As she said the word, she poured every ounce of hatred and fear into the intent. Sal needed a fire so hot and so big that the beast could not cross.
“
Ignite!” A thrill coursed through her veins as her intent transformed into reality.
* * * * *
CHAPTER 94
The beast charged, but the gel erupted in flame, gaining heat as it rose to form a wall of fire between them. An inhuman scream wailed as the beast’s body caught fire. The pained shriek brought gooseflesh to her skin, even though the temperature around her had risen forty degrees.
Tyr grabbed Sal from behind.
“
What have you wrought?” he asked, horrified.
Sal didn’t understand his urgency as he tugged her backward until the fire billowed out, igniting anything in its path.
“
It can’t be …”
The walls were cement. The bars metal. Non-combustible. Yet they burned, fueling the furnace she had created.
They ran, but how could you outrun wildfire? The guard station was at the far end of the hall. The fire crackled at their backs. She could feel the flame build. She could feel it sucking the oxygen from the air to feed itself.
The inferno wouldn’t be satisfied until everything, including them, burned.
Safety was only a few steps away, but still too many. Tyr pulled to a stop as he shoved her toward the door. As she stumbled forward, Sal turned to watch Tyr pull the vial of her blood from around his neck. He uncorked it, seeming at peace.
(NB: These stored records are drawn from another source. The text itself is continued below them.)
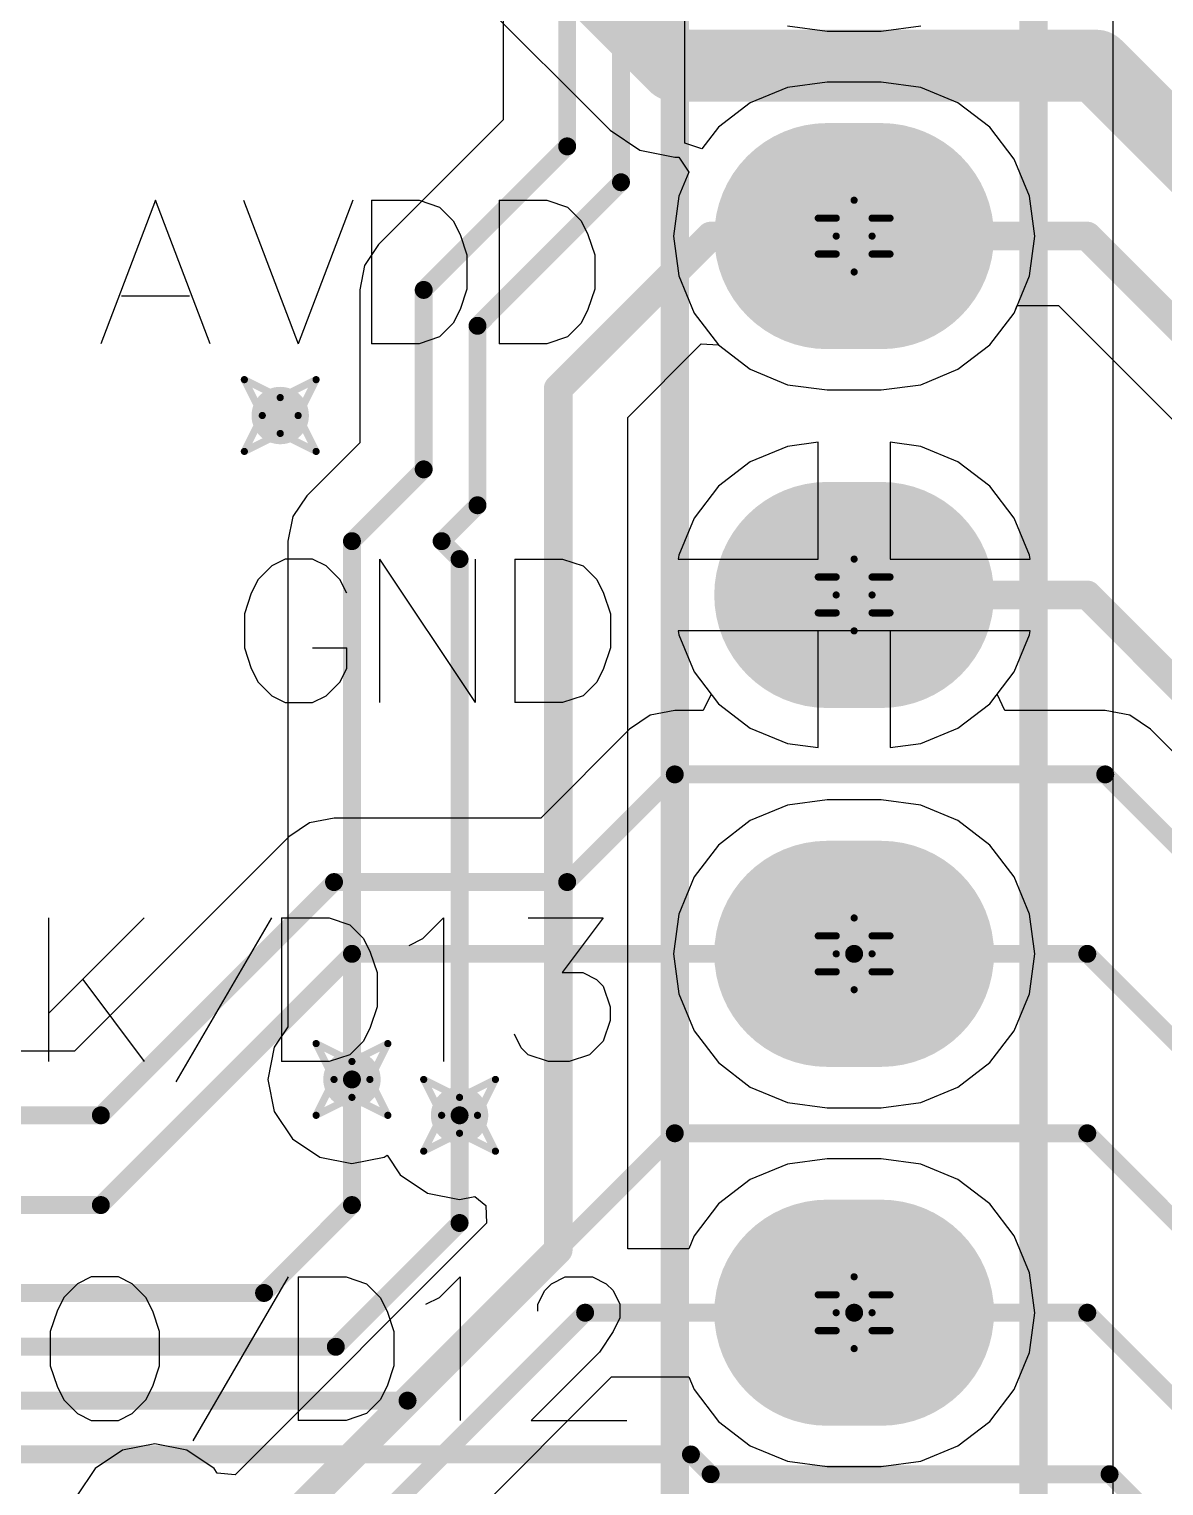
# Model space of a CAD drawing. Header units: millimetres. Extents: x 2.26 to 6.57, y 1.2 to 4.64.
# Drawn here: x 4.5783 to 4.8946, y 2.6149 to 3.0208 of the extents above; entities that cross this region are included whole.
import ezdxf

# ---------------------------------------------------------------- set-up
doc = ezdxf.new("R2010")
doc.units = ezdxf.units.MM
doc.header["$MEASUREMENT"] = 0
for name, color, linetype in [('BottomLayer', 5, 'Continuous'), ('BottomSolder', 6, 'Continuous'), ('DrillDrawing', 1, 'Continuous'), ('MultiLayer', 9, 'Continuous'), ('PadHoleLayer', 156, 'Continuous'), ('TopLayer', 1, 'Continuous'), ('TopOverlay', 2, 'Continuous'), ('TopSolder', 216, 'Continuous'), ('ViaHoleLayer', 16, 'Continuous')]:
    doc.layers.add(name, color=color, linetype=linetype)

# ---------------------------------------------------------------- blocks, each defined once
blk = doc.blocks.new('1_10P_FEMALE_54')
at = {"layer": 'BottomLayer', "const_width": 0.055}
for points in [[(0.4, 0.0075), (0.4, -0.0075)], [(0.5, 0.0075), (0.5, -0.0075)], [(0.6, 0.0075), (0.6, -0.0075)], [(0.7, 0.0075), (0.7, -0.0075)]]:
    blk.add_lwpolyline(points, dxfattribs=at)
at = {"layer": 'BottomLayer', "const_width": 0.0275}
for points in [[(0.38625, 0.0075, 1), (0.41375, 0.0075, 1)], [(0.48625, 0.0075, 1), (0.51375, 0.0075, 1)], [(0.58625, 0.0075, 1), (0.61375, 0.0075, 1)], [(0.68625, 0.0075, 1), (0.71375, 0.0075, 1)], [(0.38625, -0.0075, 1), (0.41375, -0.0075, 1)], [(0.48625, -0.0075, 1), (0.51375, -0.0075, 1)], [(0.58625, -0.0075, 1), (0.61375, -0.0075, 1)], [(0.68625, -0.0075, 1), (0.71375, -0.0075, 1)]]:
    blk.add_lwpolyline(points, format="xyb", close=True, dxfattribs=at)
at = {"layer": 'BottomSolder', "const_width": 0.063}
for points in [[(0.4, 0.0075), (0.4, -0.0075)], [(0.5, 0.0075), (0.5, -0.0075)], [(0.6, 0.0075), (0.6, -0.0075)], [(0.7, 0.0075), (0.7, -0.0075)]]:
    blk.add_lwpolyline(points, dxfattribs=at)
at = {"layer": 'BottomSolder', "const_width": 0.0315}
for points in [[(0.38425, 0.0075, 1), (0.41575, 0.0075, 1)], [(0.48425, 0.0075, 1), (0.51575, 0.0075, 1)], [(0.58425, 0.0075, 1), (0.61575, 0.0075, 1)], [(0.68425, 0.0075, 1), (0.71575, 0.0075, 1)], [(0.38425, -0.0075, 1), (0.41575, -0.0075, 1)], [(0.48425, -0.0075, 1), (0.51575, -0.0075, 1)], [(0.58425, -0.0075, 1), (0.61575, -0.0075, 1)], [(0.68425, -0.0075, 1), (0.71575, -0.0075, 1)]]:
    blk.add_lwpolyline(points, format="xyb", close=True, dxfattribs=at)
at = {"layer": 'MultiLayer', "const_width": 0.055}
for points in [[(0.4, 0.0075), (0.4, -0.0075)], [(0.5, 0.0075), (0.5, -0.0075)], [(0.6, 0.0075), (0.6, -0.0075)], [(0.7, 0.0075), (0.7, -0.0075)]]:
    blk.add_lwpolyline(points, dxfattribs=at)
at = {"layer": 'MultiLayer', "const_width": 0.0275}
for points in [[(0.38625, 0.0075, 1), (0.41375, 0.0075, 1)], [(0.48625, 0.0075, 1), (0.51375, 0.0075, 1)], [(0.58625, 0.0075, 1), (0.61375, 0.0075, 1)], [(0.68625, 0.0075, 1), (0.71375, 0.0075, 1)], [(0.38625, -0.0075, 1), (0.41375, -0.0075, 1)], [(0.48625, -0.0075, 1), (0.51375, -0.0075, 1)], [(0.58625, -0.0075, 1), (0.61375, -0.0075, 1)], [(0.68625, -0.0075, 1), (0.71375, -0.0075, 1)]]:
    blk.add_lwpolyline(points, format="xyb", close=True, dxfattribs=at)
at = {"layer": 'PadHoleLayer', "const_width": 0.02}
for points in [[(0.39, 0, 1), (0.41, 0, 1)], [(0.49, 0, 1), (0.51, 0, 1)], [(0.59, 0, 1), (0.61, 0, 1)], [(0.69, 0, 1), (0.71, 0, 1)]]:
    blk.add_lwpolyline(points, format="xyb", close=True, dxfattribs=at)
at = {"layer": 'TopLayer', "const_width": 0.055}
for points in [[(0.4, 0.0075), (0.4, -0.0075)], [(0.5, 0.0075), (0.5, -0.0075)], [(0.6, 0.0075), (0.6, -0.0075)], [(0.7, 0.0075), (0.7, -0.0075)]]:
    blk.add_lwpolyline(points, dxfattribs=at)
at = {"layer": 'TopLayer', "const_width": 0.0275}
for points in [[(0.38625, 0.0075, 1), (0.41375, 0.0075, 1)], [(0.48625, 0.0075, 1), (0.51375, 0.0075, 1)], [(0.58625, 0.0075, 1), (0.61375, 0.0075, 1)], [(0.68625, 0.0075, 1), (0.71375, 0.0075, 1)], [(0.38625, -0.0075, 1), (0.41375, -0.0075, 1)], [(0.48625, -0.0075, 1), (0.51375, -0.0075, 1)], [(0.58625, -0.0075, 1), (0.61375, -0.0075, 1)], [(0.68625, -0.0075, 1), (0.71375, -0.0075, 1)]]:
    blk.add_lwpolyline(points, format="xyb", close=True, dxfattribs=at)
at = {"layer": 'TopOverlay', "const_width": 0.00787}
for points in [[(-0.05, 0.05), (0.95, 0.05)], [(-0.05, -0.05), (0.95, -0.05)]]:
    blk.add_lwpolyline(points, dxfattribs=at)
at = {"layer": 'TopSolder', "const_width": 0.063}
for points in [[(0.4, 0.0075), (0.4, -0.0075)], [(0.5, 0.0075), (0.5, -0.0075)], [(0.6, 0.0075), (0.6, -0.0075)], [(0.7, 0.0075), (0.7, -0.0075)]]:
    blk.add_lwpolyline(points, dxfattribs=at)
at = {"layer": 'TopSolder', "const_width": 0.0315}
for points in [[(0.38425, 0.0075, 1), (0.41575, 0.0075, 1)], [(0.48425, 0.0075, 1), (0.51575, 0.0075, 1)], [(0.58425, 0.0075, 1), (0.61575, 0.0075, 1)], [(0.68425, 0.0075, 1), (0.71575, 0.0075, 1)], [(0.38425, -0.0075, 1), (0.41575, -0.0075, 1)], [(0.48425, -0.0075, 1), (0.51575, -0.0075, 1)], [(0.58425, -0.0075, 1), (0.61575, -0.0075, 1)], [(0.68425, -0.0075, 1), (0.71575, -0.0075, 1)]]:
    blk.add_lwpolyline(points, format="xyb", close=True, dxfattribs=at)

msp = doc.modelspace()

# ---------------------------------------------------------------- linework, layer by layer
at = {"layer": 'BottomLayer'}
for p, q in [((4.71042, 3.05815), (4.71042, 2.99554)), ((4.76111, 2.98906), (4.76111, 3.03724)), ((4.78967, 3.02174), (4.80077, 3.02028)), ((4.80077, 3.02028), (4.81577, 3.02028)), ((4.81577, 3.02028), (4.82686, 3.02174)), ((4.88042, 3.02315), (4.88042, 2.54912)), ((4.78967, 3.00456), (4.77933, 3.00027)), ((4.80077, 3.00602), (4.78967, 3.00456)), ((4.81577, 3.00602), (4.80077, 3.00602)), ((4.82686, 3.00456), (4.81577, 3.00602)), ((4.8372, 3.00027), (4.82686, 3.00456)), ((4.77933, 3.00027), (4.77046, 2.99346)), ((4.84608, 2.99346), (4.8372, 3.00027)), ((4.71042, 2.99554), (4.67565, 2.96077)), ((4.77046, 2.99346), (4.76585, 2.98745)), ((4.85289, 2.98458), (4.84608, 2.99346)), ((4.76585, 2.98745), (4.76111, 2.98906)), ((4.85717, 2.97424), (4.85289, 2.98458)), ((4.85863, 2.96315), (4.85717, 2.97424)), ((4.67565, 2.96077), (4.67178, 2.95498)), ((4.85717, 2.95205), (4.85863, 2.96315)), ((4.67178, 2.95498), (4.67042, 2.94815)), ((4.85289, 2.94172), (4.85717, 2.95205)), ((4.67042, 2.94815), (4.67042, 2.90554)), ((4.84608, 2.93284), (4.85289, 2.94172)), ((4.74514, 2.91263), (4.76567, 2.93315)), ((4.76567, 2.93315), (4.77046, 2.93284)), ((4.77046, 2.93284), (4.77933, 2.92603)), ((4.8372, 2.92603), (4.84608, 2.93284)), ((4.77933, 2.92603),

With a flick of his wrist, Tyr flung her blood before him, announcing,
“
Extinguish!”
Instead of subduing the fire, the blood inflamed the blaze. Just as she jerked the door handle open, the conflagration burst outward. Tyr tried to turn away, but flame lashed up his side.
His scream was so much worse, because it was purely human.
Sal disregarded the blast of heat and snatched Tyr’s arm, dragging him into the guards’ room, then slamming the door closed on the furnace.
Instantly, the handle became super-heated. Sal jumped back from the door.
But her injured palm wasn’t her concern. Tyr was. She rushed to his side, but he shoved her back.
“
You lied,” he hissed.
“
What? I don’t—”
“
The blood … it held no love.”
Sal didn’t understand what Tyr meant, then looked to the empty vial still clutched in his burnt hand. The blood she had donated while she thought of Richard. The man she was engaged to. The man whom it was now proven that she did not love.
The room took on a red glow, but this time it wasn’t from the beast. It was from something worse—a firestorm that she had created. They couldn’t stay here. With the fury of the fire, they’d die of heat exhaustion before the flames burnt through the door. And Tyr was injured. From the way he sagged against the wall, badly. She couldn’t attend to his burns until they were safe.
Tears threatened. This was all her fault. She’d misused the gel and lied about the blood. She had doomed them both.
Despair tried to take hold, but Sal refused. She couldn’t give up. They both still had a heartbeat. So what was her mantra? Keep trying.
If she’d doomed them, then it was up to her to save them.
“
Could love’s blood get us past the flames to the ground floor?”
Tyr’s jaw muscles were doubled over on themselves as he snorted.
“
Only the strongest, most potent of love could hope to shelter us so.”
Sal extended her arm. “Then take it now.”
* * * * *
CHAPTER 95
The sneer on Tyr’s lips cut nearly as deeply as the blow to her head earlier. “You have not that depth of emotion. Not for him.”
His words hurt, but Sal didn’t lower her exposed wrist. “No, not for Richard, but for another.”
Tyr’s features clouded as he searched her eyes. “We will die if you speak not the truth.”
“
Ask me.”
Pulling his knife, Tyr brought the blade to her tender skin. “Speak the name of he whom you covet above all other.”